---- Dataset content

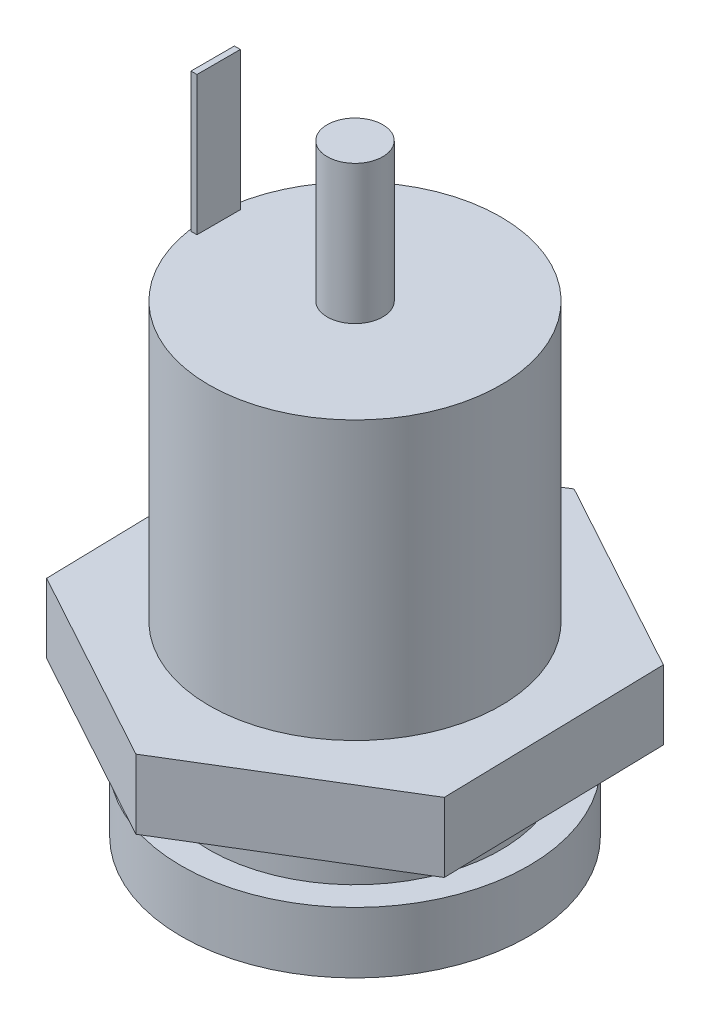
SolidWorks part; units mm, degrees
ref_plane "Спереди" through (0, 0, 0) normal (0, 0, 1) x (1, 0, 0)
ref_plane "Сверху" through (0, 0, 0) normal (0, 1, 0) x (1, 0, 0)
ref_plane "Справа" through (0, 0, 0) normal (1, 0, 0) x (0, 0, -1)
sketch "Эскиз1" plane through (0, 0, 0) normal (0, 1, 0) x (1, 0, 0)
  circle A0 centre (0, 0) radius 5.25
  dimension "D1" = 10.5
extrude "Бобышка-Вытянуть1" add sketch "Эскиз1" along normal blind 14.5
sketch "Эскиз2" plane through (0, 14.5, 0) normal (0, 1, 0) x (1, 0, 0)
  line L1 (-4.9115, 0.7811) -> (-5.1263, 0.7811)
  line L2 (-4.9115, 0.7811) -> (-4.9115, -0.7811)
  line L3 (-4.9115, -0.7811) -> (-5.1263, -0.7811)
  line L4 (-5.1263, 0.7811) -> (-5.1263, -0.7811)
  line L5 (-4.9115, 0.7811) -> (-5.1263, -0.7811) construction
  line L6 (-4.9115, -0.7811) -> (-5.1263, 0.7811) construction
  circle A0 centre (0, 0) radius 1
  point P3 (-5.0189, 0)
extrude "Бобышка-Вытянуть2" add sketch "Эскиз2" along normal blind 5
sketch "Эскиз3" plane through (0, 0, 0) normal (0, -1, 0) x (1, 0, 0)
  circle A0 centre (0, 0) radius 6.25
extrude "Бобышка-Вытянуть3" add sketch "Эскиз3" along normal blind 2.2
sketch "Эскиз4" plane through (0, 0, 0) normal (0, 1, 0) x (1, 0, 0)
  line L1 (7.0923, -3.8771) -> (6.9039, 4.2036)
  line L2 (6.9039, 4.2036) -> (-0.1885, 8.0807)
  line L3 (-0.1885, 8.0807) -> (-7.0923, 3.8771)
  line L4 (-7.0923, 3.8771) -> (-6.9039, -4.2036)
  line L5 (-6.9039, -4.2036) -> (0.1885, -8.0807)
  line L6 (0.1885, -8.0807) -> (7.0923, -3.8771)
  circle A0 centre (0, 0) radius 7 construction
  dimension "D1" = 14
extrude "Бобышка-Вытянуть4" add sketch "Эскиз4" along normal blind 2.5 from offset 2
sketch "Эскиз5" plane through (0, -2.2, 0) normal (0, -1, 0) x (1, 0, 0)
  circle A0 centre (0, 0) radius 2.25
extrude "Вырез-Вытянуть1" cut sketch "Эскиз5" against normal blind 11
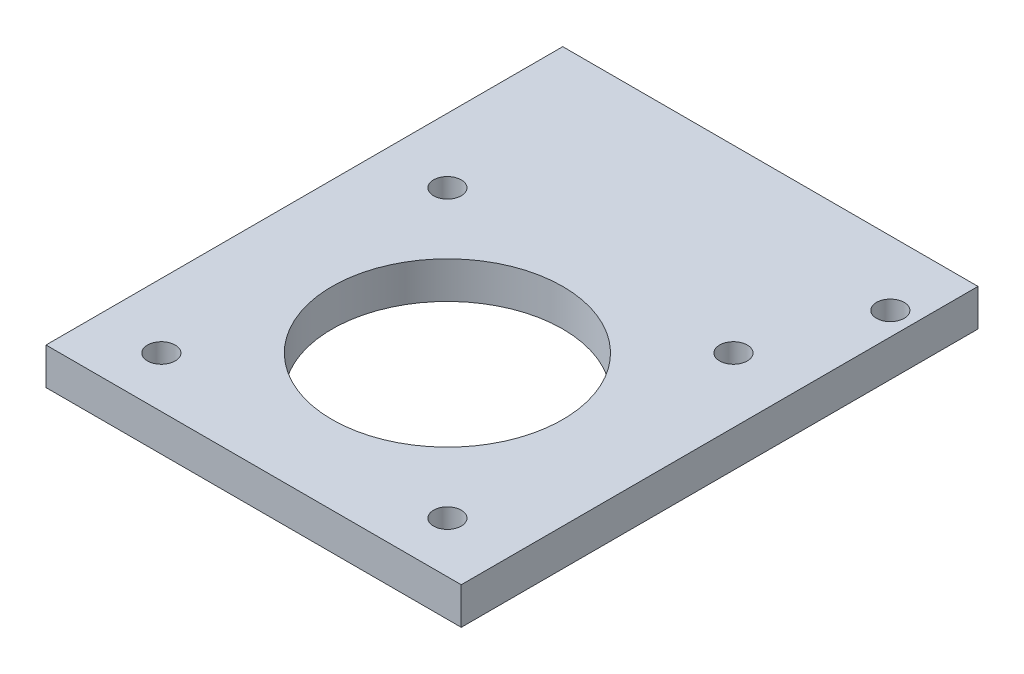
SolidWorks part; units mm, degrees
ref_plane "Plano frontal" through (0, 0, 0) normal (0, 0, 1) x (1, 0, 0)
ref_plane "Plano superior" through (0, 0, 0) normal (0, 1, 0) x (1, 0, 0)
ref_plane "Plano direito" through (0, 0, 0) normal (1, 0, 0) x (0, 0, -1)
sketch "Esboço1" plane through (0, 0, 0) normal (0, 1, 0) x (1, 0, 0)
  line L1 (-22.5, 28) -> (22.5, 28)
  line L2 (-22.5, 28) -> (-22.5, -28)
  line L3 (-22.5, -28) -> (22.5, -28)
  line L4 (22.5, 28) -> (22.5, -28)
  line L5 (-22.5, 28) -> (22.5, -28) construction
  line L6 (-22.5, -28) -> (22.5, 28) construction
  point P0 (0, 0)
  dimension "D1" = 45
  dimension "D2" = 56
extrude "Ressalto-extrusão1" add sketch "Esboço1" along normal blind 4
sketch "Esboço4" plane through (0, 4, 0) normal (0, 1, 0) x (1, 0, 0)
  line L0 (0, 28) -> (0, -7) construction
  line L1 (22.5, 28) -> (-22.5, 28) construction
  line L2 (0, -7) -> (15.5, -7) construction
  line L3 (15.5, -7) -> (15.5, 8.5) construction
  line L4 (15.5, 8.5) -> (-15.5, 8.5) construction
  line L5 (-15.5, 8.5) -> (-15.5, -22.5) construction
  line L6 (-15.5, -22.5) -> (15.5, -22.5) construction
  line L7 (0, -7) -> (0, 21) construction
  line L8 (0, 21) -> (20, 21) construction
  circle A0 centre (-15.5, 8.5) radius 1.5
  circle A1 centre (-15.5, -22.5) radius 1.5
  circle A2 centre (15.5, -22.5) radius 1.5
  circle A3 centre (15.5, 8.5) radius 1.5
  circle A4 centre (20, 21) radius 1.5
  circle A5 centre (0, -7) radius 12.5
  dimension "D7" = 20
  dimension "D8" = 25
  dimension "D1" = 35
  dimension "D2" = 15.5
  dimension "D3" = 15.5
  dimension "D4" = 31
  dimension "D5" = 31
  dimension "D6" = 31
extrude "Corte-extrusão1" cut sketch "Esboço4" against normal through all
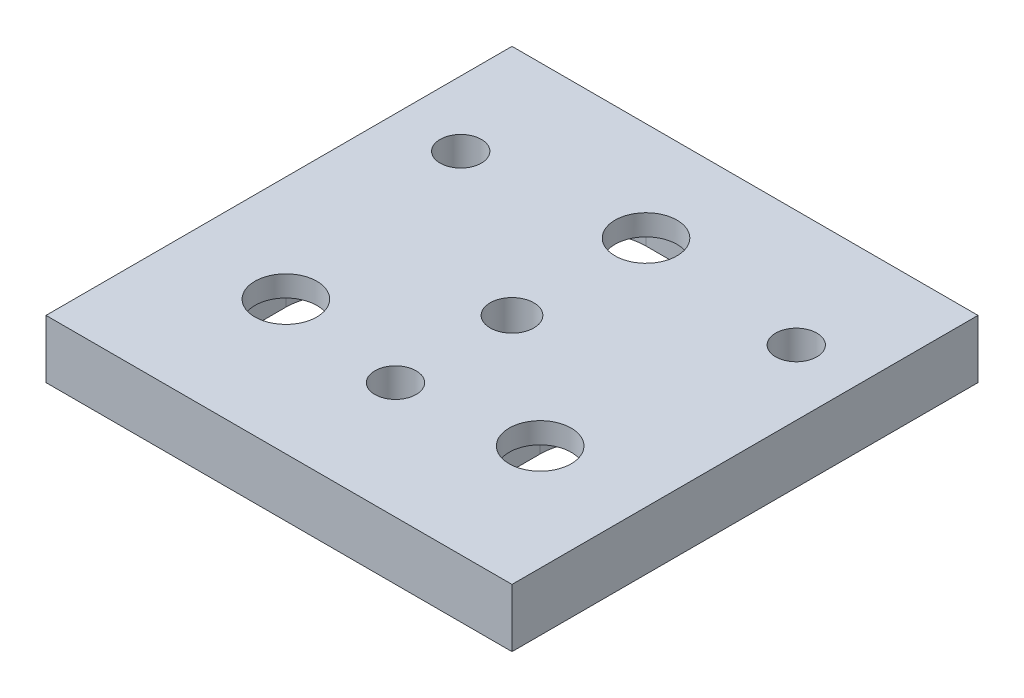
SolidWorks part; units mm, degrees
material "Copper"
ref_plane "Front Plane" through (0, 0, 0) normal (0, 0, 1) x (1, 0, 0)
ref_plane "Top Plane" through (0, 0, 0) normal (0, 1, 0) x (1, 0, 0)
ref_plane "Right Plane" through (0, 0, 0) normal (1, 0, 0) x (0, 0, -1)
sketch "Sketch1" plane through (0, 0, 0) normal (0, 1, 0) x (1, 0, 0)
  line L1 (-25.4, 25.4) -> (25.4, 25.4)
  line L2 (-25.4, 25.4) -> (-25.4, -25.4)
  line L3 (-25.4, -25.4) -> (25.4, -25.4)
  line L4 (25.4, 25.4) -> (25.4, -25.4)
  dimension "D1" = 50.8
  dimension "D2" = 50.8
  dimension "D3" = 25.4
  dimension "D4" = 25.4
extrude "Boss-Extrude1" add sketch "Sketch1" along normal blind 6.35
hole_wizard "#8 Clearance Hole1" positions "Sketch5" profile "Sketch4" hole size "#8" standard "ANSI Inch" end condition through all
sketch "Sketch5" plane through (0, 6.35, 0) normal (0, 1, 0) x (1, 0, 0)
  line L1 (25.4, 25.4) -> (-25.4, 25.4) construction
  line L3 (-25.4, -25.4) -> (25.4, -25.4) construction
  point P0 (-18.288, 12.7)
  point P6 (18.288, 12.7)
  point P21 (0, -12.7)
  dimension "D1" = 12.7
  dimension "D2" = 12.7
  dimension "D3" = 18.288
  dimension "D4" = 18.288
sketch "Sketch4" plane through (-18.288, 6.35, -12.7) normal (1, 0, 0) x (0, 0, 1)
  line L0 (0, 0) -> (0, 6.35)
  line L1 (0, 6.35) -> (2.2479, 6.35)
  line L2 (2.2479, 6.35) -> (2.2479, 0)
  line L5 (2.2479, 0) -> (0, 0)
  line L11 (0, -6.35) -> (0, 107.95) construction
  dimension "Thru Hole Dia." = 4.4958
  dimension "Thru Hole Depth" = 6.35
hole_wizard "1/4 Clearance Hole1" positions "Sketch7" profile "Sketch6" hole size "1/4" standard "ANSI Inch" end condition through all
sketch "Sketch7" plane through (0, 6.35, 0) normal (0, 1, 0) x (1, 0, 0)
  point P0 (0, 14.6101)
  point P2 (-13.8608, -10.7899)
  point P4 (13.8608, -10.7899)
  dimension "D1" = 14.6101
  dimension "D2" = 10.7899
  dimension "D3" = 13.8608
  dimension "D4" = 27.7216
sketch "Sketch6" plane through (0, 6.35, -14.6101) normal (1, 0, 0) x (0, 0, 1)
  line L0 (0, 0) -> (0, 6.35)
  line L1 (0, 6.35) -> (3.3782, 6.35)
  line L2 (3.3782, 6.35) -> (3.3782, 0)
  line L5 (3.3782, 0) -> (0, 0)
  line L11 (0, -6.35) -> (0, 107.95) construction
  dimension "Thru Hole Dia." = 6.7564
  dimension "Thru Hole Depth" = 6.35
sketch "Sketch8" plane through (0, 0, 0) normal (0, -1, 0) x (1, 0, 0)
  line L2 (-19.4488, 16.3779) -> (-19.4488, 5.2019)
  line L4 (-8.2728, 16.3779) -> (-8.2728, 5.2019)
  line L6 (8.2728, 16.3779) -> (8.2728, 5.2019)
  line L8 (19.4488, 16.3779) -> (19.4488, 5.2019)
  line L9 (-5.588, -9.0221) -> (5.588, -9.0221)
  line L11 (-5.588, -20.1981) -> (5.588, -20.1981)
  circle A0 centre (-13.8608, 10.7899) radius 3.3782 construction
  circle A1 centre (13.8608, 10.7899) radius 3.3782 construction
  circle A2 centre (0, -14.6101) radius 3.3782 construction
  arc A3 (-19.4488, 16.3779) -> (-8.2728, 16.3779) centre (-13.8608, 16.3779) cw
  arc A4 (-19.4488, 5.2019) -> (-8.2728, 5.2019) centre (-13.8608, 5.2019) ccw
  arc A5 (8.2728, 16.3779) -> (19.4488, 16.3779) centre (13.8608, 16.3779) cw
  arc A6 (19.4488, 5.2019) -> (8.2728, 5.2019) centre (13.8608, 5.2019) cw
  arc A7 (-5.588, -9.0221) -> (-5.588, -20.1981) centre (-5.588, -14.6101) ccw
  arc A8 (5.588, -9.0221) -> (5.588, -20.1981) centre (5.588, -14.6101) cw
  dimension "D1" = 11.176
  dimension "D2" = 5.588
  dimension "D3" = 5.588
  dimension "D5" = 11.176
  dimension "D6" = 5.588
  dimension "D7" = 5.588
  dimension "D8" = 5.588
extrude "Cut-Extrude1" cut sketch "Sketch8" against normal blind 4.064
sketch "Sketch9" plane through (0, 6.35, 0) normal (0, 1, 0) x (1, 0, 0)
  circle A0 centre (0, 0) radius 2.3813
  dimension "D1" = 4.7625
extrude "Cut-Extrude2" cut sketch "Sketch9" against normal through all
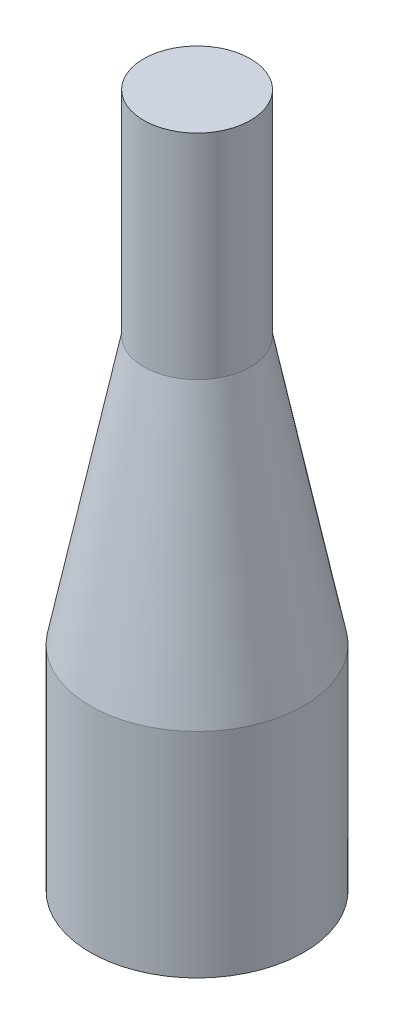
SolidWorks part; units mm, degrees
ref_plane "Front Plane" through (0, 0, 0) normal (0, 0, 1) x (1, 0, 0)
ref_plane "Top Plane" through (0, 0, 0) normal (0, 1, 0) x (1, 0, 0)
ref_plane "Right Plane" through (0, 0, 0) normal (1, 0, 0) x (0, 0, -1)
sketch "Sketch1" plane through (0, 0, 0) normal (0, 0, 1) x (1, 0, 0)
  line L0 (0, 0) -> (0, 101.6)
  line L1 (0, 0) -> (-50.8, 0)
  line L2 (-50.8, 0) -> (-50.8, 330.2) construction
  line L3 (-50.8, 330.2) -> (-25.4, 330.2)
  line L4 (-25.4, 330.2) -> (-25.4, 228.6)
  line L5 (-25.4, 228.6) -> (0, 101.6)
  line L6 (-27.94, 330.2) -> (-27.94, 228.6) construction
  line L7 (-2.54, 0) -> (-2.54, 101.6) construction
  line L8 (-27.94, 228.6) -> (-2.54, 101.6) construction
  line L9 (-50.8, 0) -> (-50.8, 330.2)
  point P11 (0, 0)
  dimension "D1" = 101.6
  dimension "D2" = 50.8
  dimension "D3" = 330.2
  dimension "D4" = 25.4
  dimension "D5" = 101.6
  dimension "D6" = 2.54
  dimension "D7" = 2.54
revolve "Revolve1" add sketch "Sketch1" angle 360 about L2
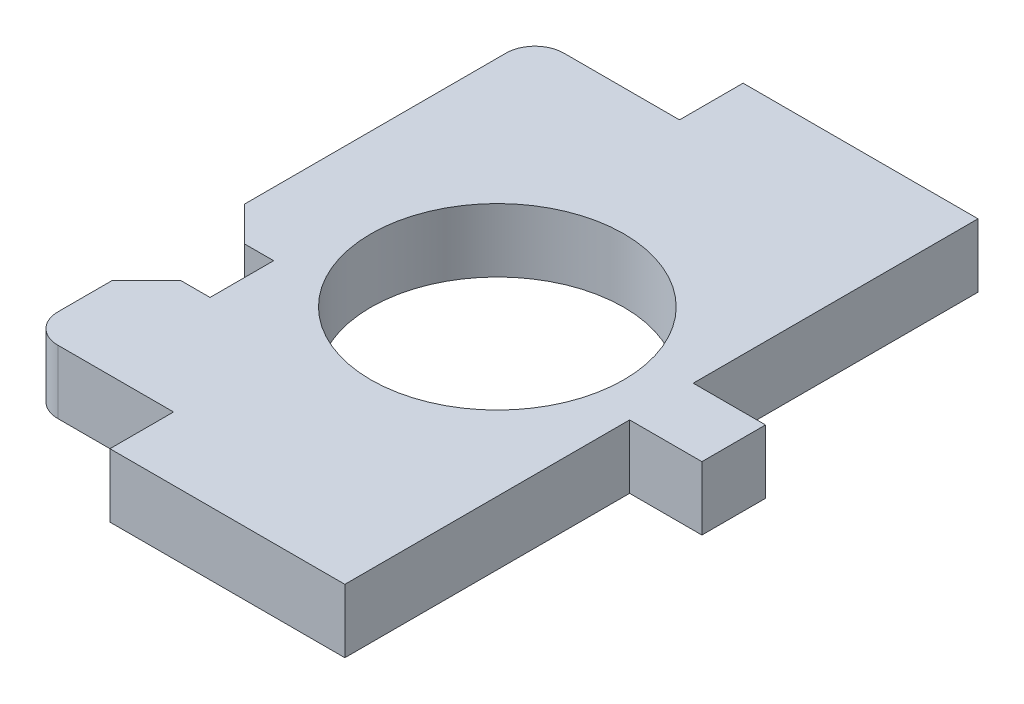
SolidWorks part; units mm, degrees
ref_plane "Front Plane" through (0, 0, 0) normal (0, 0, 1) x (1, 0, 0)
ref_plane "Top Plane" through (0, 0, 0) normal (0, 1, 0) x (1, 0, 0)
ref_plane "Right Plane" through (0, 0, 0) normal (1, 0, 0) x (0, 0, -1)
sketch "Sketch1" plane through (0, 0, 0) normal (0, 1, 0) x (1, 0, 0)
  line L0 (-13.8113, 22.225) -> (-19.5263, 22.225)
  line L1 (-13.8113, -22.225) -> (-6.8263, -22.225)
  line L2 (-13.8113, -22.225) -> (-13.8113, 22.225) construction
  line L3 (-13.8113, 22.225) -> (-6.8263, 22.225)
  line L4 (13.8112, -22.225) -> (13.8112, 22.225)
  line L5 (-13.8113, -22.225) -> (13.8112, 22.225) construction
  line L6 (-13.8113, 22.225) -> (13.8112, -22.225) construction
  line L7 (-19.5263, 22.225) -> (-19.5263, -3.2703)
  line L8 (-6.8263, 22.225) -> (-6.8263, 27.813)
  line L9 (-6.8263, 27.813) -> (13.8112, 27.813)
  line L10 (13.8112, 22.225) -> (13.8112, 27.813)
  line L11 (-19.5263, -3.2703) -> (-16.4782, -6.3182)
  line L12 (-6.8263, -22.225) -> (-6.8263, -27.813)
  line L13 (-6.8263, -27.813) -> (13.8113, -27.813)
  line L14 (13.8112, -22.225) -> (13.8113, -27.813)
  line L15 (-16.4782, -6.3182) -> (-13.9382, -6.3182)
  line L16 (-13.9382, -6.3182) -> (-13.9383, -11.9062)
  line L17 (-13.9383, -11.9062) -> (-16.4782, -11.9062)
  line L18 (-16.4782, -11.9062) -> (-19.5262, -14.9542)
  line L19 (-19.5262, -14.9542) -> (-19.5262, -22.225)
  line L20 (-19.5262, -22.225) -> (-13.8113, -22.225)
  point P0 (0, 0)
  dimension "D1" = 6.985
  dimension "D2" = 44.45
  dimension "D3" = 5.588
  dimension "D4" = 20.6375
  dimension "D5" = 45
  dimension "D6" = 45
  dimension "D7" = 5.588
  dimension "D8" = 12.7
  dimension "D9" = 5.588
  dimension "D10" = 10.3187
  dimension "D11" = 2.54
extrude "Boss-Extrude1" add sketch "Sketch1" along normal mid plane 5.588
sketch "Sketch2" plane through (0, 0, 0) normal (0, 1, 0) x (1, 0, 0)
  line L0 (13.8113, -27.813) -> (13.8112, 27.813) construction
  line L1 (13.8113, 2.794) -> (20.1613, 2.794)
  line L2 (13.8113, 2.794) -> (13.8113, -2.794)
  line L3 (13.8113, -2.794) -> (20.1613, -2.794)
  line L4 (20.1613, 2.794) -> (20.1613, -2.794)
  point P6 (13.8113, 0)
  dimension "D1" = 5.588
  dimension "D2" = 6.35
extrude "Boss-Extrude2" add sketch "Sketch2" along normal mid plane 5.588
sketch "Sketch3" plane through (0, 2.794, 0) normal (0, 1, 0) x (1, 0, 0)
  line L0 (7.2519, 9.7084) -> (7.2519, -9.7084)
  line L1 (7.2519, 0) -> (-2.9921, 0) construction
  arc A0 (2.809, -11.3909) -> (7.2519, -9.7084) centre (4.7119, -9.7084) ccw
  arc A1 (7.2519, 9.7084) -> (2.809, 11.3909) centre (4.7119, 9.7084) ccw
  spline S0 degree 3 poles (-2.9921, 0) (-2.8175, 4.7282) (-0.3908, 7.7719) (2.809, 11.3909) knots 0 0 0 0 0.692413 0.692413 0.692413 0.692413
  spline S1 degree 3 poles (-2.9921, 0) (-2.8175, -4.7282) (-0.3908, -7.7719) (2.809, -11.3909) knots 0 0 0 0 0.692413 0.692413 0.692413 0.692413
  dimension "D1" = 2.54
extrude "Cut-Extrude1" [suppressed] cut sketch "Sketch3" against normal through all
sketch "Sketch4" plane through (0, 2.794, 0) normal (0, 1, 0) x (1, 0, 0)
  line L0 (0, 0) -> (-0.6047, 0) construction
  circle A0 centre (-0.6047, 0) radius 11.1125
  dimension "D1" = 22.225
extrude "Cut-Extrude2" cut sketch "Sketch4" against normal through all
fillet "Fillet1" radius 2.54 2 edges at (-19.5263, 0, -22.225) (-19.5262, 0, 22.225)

--------

## Required work
The required output is every line above that contains the string "ANSI".

## Response to the exercise
hole_wizard "#8 Clearance Hole1" positions "Sketch5" profile "Sketch4" hole size "#8" standard "ANSI Inch" end condition through all
hole_wizard "1/4 Clearance Hole1" positions "Sketch7" profile "Sketch6" hole size "1/4" standard "ANSI Inch" end condition through all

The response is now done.